Love it! 'Scapes that look like this make me happy


----------



## Nate McFin (Mar 19, 2009)

Nice and clean set up!
On a side note, does the tree next to the tank get any light beyond the light from the tank or is that enough to keep it growing?


----------



## oldpunk78 (Nov 1, 2008)

Rhaethe said:


> Love it! 'Scapes that look like this make me happy


thanks! makes me happy too.



Nate McFin said:


> Nice and clean set up!


thank you. 



> On a side note, does the tree next to the tank get any light beyond the light from the tank or is that enough to keep it growing?


there's a lot of indirect sunlight involved. there's a big west facing window on the opposite side of the room.


----------



## chuukus (Jun 17, 2008)

Very nice!


----------



## oldpunk78 (Nov 1, 2008)

^ thanks chuukus! i really appreciate that.


----------



## matthew.shelly (Dec 1, 2009)

wow the simple design is really working for me.


----------



## oldpunk78 (Nov 1, 2008)

matthew.shelly said:


> wow the simple design is really working for me.

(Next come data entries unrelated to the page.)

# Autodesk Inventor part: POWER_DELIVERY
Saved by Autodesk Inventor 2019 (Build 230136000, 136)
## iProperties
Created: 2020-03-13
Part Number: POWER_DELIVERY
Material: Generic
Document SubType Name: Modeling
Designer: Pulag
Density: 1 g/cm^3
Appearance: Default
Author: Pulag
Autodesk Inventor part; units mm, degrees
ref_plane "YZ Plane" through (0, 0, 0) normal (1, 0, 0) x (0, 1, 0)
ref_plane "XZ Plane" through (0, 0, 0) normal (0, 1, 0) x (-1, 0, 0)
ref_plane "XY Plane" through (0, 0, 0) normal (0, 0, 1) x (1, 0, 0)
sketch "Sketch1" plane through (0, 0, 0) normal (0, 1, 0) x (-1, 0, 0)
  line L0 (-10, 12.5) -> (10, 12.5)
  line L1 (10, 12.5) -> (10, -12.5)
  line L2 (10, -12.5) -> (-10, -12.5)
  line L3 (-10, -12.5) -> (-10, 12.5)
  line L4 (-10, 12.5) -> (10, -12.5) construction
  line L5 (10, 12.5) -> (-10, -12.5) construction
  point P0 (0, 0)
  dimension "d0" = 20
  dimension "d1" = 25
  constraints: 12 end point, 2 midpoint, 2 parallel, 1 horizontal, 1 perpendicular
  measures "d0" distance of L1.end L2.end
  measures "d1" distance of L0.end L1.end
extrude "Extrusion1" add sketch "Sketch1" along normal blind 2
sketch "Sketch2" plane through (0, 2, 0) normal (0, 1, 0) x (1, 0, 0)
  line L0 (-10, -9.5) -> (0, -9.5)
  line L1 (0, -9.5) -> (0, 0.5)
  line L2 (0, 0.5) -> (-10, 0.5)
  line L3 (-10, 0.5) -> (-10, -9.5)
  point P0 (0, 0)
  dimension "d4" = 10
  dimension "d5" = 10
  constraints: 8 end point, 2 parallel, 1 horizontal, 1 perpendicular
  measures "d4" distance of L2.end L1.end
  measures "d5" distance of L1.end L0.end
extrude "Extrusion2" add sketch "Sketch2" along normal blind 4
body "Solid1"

you know, i did try some other stuff in there. i had some limnophila aromatica and pogostemon stellatus poking out of the manzy. it just looked too busy for me. i've got a whole bunch of plants in tubs right now because i didn't want to put them in there.

i did want to add more c. helferi and 049 but that's all i had. i think this tank will look best once everything bushes out. i'm hoping all that kompakt doesn't hide the wood.


----------



## Green Leaf Aquariums (Feb 26, 2007)

Simple and clean. When this gem fills in in it will look really nice. Well done OP!


----------



## roybot73 (Dec 15, 2007)

Less *is* more. Get rid of that question mark!
Super clean, super chill. Don't add anything, don't take anything away. Let it _grow_!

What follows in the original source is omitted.